EXERCISE GOAL: Once the line containing "#62=AXIS2_PLACEMENT_3D('',#59,#60,#61);" is found in the entries below, restate it and each following line word for word, stopping after the line containing "#83=DIRECTION('',(0.,0.,-1.));".
——————
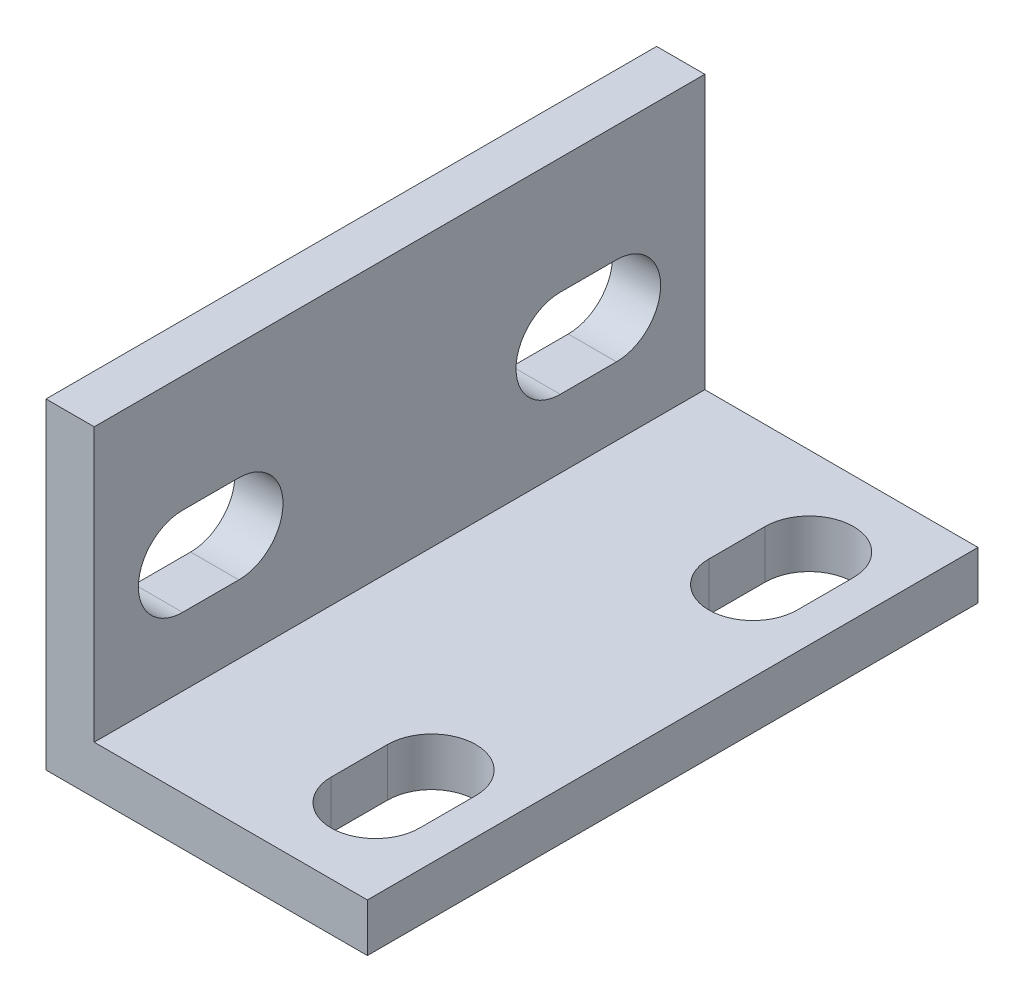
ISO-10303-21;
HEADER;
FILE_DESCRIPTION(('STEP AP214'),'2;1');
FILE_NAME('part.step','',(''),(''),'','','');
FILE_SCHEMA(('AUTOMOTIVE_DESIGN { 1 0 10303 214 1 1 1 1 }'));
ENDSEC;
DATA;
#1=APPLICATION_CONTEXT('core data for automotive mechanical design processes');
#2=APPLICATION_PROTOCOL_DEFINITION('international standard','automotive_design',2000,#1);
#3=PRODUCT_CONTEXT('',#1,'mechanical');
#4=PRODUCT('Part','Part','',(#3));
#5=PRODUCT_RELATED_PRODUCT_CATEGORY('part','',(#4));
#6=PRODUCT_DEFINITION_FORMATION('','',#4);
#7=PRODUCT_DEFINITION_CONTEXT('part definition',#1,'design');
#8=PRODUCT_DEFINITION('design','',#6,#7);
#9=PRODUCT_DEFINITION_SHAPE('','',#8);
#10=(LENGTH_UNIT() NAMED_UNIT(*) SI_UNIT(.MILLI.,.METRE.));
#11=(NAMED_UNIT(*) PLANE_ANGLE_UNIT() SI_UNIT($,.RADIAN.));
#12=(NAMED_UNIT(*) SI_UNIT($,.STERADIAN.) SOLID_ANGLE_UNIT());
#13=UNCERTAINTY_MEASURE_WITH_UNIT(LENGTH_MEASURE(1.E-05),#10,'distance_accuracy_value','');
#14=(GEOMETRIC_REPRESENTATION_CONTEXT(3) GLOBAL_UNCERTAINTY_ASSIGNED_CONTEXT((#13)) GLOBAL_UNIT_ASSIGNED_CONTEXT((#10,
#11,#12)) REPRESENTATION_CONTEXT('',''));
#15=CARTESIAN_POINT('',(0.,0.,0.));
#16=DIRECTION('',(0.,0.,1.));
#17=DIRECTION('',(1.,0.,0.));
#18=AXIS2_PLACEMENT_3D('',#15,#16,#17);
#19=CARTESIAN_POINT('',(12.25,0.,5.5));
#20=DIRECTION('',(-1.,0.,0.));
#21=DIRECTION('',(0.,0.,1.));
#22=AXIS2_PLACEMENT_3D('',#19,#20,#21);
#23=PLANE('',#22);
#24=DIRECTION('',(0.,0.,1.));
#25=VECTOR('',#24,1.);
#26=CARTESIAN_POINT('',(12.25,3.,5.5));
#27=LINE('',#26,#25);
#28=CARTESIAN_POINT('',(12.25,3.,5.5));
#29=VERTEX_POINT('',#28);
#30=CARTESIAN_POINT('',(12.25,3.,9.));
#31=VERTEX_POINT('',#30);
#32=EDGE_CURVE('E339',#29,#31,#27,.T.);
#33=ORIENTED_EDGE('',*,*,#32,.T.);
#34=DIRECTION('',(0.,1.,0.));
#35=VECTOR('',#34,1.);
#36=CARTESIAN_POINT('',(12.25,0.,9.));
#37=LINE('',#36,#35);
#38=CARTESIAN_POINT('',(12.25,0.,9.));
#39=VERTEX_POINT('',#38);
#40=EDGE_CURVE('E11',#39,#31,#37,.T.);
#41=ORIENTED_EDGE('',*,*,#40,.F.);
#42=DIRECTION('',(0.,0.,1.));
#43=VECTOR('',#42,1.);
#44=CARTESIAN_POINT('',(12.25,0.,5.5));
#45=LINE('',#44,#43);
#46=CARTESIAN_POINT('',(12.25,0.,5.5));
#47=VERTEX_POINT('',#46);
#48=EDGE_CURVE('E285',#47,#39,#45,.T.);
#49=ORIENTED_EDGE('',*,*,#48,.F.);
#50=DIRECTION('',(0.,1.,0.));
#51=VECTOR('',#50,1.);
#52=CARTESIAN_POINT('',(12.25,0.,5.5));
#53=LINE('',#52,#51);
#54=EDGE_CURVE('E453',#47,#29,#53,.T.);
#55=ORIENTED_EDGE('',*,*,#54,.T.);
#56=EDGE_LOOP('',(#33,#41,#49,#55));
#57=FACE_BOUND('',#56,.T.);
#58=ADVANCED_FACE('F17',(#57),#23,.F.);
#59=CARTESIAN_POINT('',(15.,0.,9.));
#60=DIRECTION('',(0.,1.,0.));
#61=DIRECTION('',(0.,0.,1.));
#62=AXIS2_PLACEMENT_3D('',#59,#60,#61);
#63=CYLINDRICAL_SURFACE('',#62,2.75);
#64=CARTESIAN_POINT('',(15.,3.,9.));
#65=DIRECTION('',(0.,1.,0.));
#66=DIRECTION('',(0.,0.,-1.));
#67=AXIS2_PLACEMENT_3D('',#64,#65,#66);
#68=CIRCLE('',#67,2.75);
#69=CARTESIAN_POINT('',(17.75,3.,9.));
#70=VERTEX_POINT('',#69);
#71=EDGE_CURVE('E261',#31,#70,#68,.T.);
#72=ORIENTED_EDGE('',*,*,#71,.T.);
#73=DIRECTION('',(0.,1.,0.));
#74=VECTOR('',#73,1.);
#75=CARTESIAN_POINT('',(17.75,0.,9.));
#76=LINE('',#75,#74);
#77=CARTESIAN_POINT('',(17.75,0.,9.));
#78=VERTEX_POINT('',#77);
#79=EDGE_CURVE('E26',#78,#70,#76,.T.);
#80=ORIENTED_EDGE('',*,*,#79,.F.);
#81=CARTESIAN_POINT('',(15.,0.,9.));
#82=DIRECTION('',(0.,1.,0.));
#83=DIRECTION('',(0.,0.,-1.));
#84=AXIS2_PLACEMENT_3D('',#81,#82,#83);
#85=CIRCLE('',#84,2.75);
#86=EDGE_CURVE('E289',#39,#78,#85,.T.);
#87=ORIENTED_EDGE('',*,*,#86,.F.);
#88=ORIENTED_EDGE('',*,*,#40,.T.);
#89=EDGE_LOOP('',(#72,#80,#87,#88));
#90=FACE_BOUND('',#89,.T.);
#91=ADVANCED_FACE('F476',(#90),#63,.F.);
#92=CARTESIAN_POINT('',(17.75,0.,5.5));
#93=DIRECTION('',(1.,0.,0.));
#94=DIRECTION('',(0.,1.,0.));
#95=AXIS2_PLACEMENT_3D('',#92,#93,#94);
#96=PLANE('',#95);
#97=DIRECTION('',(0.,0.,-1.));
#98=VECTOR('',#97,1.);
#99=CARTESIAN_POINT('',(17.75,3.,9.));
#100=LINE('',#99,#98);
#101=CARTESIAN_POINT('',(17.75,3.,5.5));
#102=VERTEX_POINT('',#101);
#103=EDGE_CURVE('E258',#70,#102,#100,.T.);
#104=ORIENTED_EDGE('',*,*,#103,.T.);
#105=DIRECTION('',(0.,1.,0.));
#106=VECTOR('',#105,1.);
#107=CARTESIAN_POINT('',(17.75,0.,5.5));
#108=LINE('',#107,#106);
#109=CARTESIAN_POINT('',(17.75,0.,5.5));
——————
TASK RESPONSE:
#62=AXIS2_PLACEMENT_3D('',#59,#60,#61);
#63=CYLINDRICAL_SURFACE('',#62,2.75);
#64=CARTESIAN_POINT('',(15.,3.,9.));
#65=DIRECTION('',(0.,1.,0.));
#66=DIRECTION('',(0.,0.,-1.));
#67=AXIS2_PLACEMENT_3D('',#64,#65,#66);
#68=CIRCLE('',#67,2.75);
#69=CARTESIAN_POINT('',(17.75,3.,9.));
#70=VERTEX_POINT('',#69);
#71=EDGE_CURVE('E261',#31,#70,#68,.T.);
#72=ORIENTED_EDGE('',*,*,#71,.T.);
#73=DIRECTION('',(0.,1.,0.));
#74=VECTOR('',#73,1.);
#75=CARTESIAN_POINT('',(17.75,0.,9.));
#76=LINE('',#75,#74);
#77=CARTESIAN_POINT('',(17.75,0.,9.));
#78=VERTEX_POINT('',#77);
#79=EDGE_CURVE('E26',#78,#70,#76,.T.);
#80=ORIENTED_EDGE('',*,*,#79,.F.);
#81=CARTESIAN_POINT('',(15.,0.,9.));
#82=DIRECTION('',(0.,1.,0.));
#83=DIRECTION('',(0.,0.,-1.));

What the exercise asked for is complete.